## PROBLEM STATEMENT
Begin at the line containing "(24.25, 6.5, -1)], flags=0)" in the entries below and end at the line containing "(41.9, 14.3)], flags=0)"; transcribe that range exactly and nothing outside it.

## INFORMATION
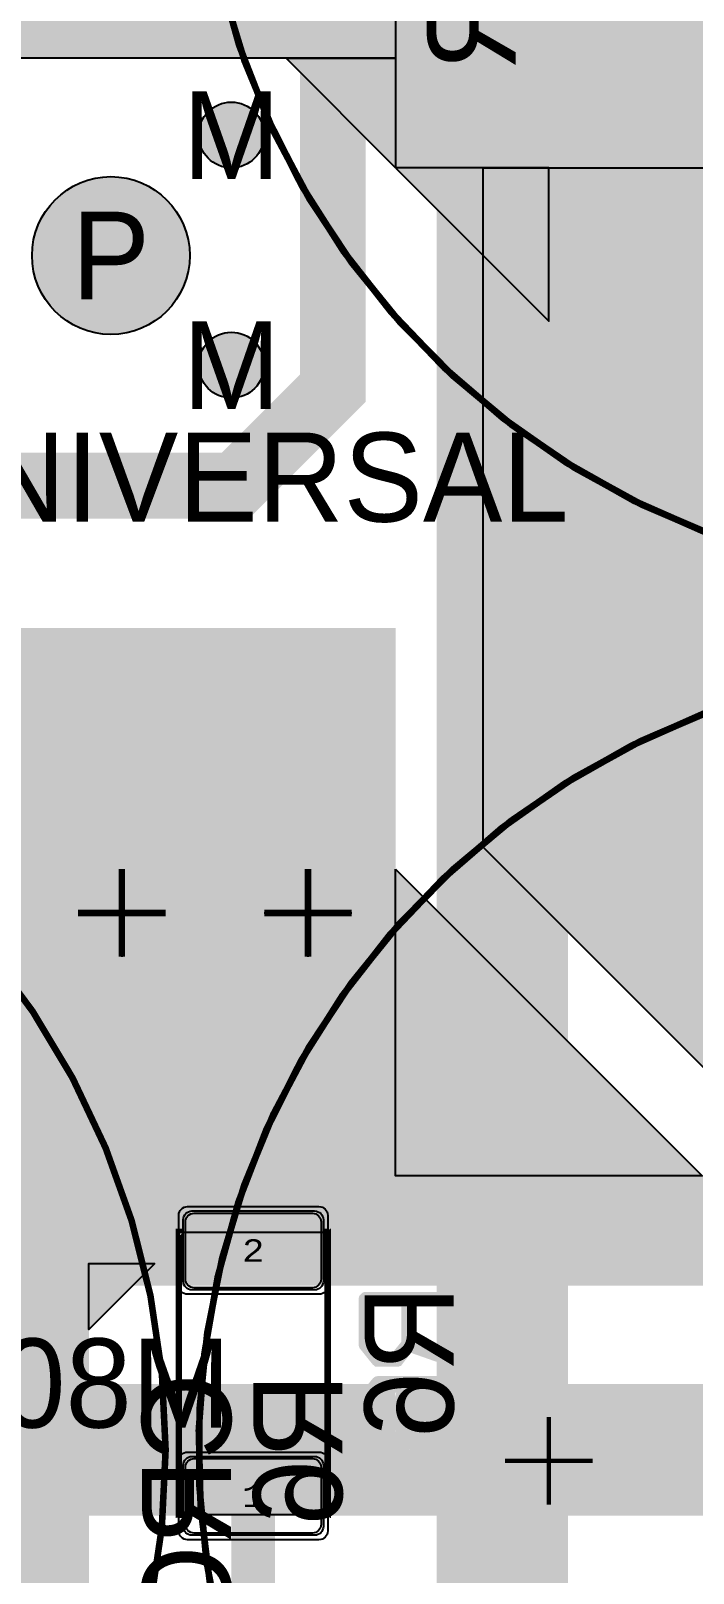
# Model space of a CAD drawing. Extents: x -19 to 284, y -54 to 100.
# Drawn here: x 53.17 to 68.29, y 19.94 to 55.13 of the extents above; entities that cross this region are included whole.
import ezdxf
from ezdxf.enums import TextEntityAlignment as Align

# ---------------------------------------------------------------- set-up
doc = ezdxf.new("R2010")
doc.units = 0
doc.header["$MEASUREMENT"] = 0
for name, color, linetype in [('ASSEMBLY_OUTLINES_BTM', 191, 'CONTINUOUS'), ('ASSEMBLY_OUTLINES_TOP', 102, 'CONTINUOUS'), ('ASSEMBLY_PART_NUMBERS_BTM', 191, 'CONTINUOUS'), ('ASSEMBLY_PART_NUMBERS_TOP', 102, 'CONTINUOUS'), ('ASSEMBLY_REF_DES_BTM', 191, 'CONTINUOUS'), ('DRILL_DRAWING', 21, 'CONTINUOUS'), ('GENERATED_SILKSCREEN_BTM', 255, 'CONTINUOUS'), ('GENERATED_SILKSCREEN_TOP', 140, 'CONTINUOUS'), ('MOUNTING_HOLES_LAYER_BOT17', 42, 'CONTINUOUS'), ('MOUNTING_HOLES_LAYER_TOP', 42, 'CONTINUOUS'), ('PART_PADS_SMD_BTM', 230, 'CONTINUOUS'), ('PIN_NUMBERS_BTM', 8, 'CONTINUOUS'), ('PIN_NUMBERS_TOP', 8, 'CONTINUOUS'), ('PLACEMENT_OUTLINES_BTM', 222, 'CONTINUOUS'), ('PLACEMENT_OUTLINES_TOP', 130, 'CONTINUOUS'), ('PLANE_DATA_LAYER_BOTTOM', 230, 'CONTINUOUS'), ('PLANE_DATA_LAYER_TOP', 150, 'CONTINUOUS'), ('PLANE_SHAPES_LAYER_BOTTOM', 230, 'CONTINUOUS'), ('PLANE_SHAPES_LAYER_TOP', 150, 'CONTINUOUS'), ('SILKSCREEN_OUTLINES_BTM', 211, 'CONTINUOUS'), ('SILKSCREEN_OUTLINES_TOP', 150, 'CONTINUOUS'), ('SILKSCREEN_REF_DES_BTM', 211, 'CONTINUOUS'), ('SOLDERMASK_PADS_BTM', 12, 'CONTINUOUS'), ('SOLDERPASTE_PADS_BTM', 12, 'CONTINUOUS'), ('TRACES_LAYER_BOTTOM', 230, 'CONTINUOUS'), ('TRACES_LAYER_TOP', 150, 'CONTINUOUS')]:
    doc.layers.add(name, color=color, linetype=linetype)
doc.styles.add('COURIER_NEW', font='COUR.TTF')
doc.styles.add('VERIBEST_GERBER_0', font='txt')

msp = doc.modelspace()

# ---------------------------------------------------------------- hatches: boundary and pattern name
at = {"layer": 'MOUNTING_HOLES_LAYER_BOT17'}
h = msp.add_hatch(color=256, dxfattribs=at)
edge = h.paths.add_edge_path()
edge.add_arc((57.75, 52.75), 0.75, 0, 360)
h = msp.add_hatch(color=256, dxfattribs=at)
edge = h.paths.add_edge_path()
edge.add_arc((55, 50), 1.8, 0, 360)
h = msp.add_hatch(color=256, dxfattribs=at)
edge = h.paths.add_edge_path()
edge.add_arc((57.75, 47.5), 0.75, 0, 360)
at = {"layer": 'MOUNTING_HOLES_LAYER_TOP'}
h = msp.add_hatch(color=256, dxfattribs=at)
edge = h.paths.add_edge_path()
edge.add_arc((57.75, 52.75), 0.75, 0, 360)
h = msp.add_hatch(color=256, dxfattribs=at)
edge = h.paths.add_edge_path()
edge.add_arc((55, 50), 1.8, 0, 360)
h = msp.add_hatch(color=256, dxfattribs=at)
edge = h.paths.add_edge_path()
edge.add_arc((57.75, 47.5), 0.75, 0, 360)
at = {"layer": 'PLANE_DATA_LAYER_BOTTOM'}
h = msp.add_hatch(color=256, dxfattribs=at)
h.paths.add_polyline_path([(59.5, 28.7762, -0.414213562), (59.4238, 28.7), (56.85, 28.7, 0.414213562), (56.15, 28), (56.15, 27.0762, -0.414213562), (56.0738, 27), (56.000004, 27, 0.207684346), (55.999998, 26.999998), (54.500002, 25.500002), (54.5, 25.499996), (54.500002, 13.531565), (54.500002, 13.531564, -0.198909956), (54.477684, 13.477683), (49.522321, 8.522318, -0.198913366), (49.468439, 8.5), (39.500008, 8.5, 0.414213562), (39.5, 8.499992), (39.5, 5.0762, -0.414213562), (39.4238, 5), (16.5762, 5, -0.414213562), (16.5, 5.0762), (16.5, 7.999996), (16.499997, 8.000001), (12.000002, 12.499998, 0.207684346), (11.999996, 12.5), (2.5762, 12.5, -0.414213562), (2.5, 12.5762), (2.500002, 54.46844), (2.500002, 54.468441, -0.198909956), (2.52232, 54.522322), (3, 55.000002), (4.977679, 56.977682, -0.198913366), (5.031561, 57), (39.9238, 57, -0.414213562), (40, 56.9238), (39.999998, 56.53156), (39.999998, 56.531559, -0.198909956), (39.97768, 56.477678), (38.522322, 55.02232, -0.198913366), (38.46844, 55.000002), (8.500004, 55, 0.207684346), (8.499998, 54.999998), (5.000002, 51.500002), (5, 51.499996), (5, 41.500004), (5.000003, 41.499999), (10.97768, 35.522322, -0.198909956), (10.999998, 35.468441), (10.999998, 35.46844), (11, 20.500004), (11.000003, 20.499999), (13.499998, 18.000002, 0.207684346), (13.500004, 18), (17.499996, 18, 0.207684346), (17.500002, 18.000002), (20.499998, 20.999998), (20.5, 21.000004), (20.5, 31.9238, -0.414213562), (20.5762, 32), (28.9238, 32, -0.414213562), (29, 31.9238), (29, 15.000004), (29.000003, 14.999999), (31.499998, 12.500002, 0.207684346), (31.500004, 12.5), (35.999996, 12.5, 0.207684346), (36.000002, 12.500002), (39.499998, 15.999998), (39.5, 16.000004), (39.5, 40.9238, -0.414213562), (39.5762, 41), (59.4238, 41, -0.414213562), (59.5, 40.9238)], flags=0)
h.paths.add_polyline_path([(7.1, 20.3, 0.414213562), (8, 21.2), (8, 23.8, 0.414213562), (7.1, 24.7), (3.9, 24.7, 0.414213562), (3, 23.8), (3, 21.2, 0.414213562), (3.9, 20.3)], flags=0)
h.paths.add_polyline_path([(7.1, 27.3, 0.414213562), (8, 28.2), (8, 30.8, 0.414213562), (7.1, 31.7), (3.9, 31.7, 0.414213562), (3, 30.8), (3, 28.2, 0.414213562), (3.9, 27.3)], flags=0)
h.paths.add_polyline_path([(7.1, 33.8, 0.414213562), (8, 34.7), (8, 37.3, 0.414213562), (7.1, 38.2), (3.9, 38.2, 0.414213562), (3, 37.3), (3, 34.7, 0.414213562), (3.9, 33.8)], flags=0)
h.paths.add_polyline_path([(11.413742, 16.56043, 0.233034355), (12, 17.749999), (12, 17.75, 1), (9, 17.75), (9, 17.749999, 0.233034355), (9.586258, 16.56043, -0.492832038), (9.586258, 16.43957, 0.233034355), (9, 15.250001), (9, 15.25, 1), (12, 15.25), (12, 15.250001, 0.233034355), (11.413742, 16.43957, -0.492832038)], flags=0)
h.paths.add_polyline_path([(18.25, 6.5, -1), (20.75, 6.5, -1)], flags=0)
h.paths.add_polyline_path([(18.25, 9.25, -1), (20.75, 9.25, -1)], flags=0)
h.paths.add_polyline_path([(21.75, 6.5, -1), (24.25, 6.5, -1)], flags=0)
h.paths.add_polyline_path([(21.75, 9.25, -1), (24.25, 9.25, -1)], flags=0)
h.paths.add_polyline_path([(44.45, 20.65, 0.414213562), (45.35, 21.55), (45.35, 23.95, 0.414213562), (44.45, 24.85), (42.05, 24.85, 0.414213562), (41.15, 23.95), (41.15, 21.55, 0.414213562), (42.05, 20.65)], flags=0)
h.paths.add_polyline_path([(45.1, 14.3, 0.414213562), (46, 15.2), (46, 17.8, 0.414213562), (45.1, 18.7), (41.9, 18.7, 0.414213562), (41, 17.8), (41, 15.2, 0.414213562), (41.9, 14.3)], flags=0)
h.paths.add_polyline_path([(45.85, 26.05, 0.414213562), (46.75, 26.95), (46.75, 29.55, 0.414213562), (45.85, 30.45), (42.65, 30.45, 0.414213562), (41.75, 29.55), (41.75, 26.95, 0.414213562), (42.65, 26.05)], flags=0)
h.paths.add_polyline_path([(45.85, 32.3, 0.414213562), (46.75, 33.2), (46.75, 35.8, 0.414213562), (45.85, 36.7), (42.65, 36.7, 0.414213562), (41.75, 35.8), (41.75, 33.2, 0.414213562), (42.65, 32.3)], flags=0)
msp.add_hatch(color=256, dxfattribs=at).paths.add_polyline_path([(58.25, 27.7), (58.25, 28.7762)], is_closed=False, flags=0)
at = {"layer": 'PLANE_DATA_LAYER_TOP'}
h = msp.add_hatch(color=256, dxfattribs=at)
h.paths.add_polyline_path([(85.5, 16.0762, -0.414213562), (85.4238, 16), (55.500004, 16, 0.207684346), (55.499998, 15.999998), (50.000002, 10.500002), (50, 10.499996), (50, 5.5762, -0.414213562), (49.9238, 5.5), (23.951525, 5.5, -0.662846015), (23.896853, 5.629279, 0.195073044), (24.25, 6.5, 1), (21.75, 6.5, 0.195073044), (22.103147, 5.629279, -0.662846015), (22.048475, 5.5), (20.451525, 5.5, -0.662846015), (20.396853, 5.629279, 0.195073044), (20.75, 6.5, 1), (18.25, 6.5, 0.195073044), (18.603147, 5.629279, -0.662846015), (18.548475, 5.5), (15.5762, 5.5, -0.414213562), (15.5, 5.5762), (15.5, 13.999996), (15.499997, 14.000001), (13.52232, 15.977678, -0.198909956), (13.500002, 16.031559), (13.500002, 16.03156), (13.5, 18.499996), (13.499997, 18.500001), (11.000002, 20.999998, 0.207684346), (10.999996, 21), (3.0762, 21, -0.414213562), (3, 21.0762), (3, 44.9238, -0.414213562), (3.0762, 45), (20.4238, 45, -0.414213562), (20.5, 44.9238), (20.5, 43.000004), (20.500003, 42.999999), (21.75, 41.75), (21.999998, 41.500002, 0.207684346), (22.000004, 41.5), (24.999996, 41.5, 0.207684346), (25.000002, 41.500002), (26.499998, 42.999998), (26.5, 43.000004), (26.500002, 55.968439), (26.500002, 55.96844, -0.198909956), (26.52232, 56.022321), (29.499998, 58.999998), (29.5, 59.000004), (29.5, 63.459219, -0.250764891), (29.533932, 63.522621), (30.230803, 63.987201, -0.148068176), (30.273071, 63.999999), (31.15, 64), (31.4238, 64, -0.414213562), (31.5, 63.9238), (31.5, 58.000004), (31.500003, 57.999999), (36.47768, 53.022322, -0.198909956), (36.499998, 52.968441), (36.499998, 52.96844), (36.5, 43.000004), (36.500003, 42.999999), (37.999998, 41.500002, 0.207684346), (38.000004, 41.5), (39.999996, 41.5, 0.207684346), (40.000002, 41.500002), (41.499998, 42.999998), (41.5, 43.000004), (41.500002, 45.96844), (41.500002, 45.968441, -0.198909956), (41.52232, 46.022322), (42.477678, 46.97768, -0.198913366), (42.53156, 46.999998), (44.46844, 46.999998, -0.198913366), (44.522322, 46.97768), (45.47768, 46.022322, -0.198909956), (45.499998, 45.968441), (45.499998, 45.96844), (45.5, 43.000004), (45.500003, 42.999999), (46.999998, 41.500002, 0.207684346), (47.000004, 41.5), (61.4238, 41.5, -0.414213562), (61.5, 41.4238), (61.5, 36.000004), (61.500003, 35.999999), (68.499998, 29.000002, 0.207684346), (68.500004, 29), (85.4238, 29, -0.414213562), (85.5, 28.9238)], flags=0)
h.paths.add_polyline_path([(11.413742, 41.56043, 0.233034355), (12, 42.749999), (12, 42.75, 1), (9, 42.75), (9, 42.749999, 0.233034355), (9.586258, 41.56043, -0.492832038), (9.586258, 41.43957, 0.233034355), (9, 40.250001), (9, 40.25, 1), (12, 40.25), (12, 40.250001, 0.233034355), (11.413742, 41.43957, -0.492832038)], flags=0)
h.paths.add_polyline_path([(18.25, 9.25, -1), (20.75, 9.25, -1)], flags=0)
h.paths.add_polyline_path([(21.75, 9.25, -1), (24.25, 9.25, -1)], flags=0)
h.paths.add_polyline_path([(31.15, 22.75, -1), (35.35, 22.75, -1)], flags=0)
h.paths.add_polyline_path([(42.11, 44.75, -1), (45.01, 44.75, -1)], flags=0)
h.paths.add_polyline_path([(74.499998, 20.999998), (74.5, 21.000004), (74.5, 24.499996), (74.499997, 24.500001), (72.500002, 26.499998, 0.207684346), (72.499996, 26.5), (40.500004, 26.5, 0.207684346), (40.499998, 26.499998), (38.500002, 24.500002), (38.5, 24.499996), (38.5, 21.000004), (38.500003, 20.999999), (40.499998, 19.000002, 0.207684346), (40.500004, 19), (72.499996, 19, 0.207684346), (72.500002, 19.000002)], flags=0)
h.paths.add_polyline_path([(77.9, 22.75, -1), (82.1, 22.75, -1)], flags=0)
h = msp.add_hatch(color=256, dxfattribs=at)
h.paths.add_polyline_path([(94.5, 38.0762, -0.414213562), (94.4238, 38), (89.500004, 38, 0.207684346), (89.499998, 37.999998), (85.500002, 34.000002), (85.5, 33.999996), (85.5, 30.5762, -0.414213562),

## RESPONSE TO THIS TASK
h.paths.add_polyline_path([(21.75, 6.5, -1), (24.25, 6.5, -1)], flags=0)
h.paths.add_polyline_path([(21.75, 9.25, -1), (24.25, 9.25, -1)], flags=0)
h.paths.add_polyline_path([(44.45, 20.65, 0.414213562), (45.35, 21.55), (45.35, 23.95, 0.414213562), (44.45, 24.85), (42.05, 24.85, 0.414213562), (41.15, 23.95), (41.15, 21.55, 0.414213562), (42.05, 20.65)], flags=0)
h.paths.add_polyline_path([(45.1, 14.3, 0.414213562), (46, 15.2), (46, 17.8, 0.414213562), (45.1, 18.7), (41.9, 18.7, 0.414213562), (41, 17.8), (41, 15.2, 0.414213562), (41.9, 14.3)], flags=0)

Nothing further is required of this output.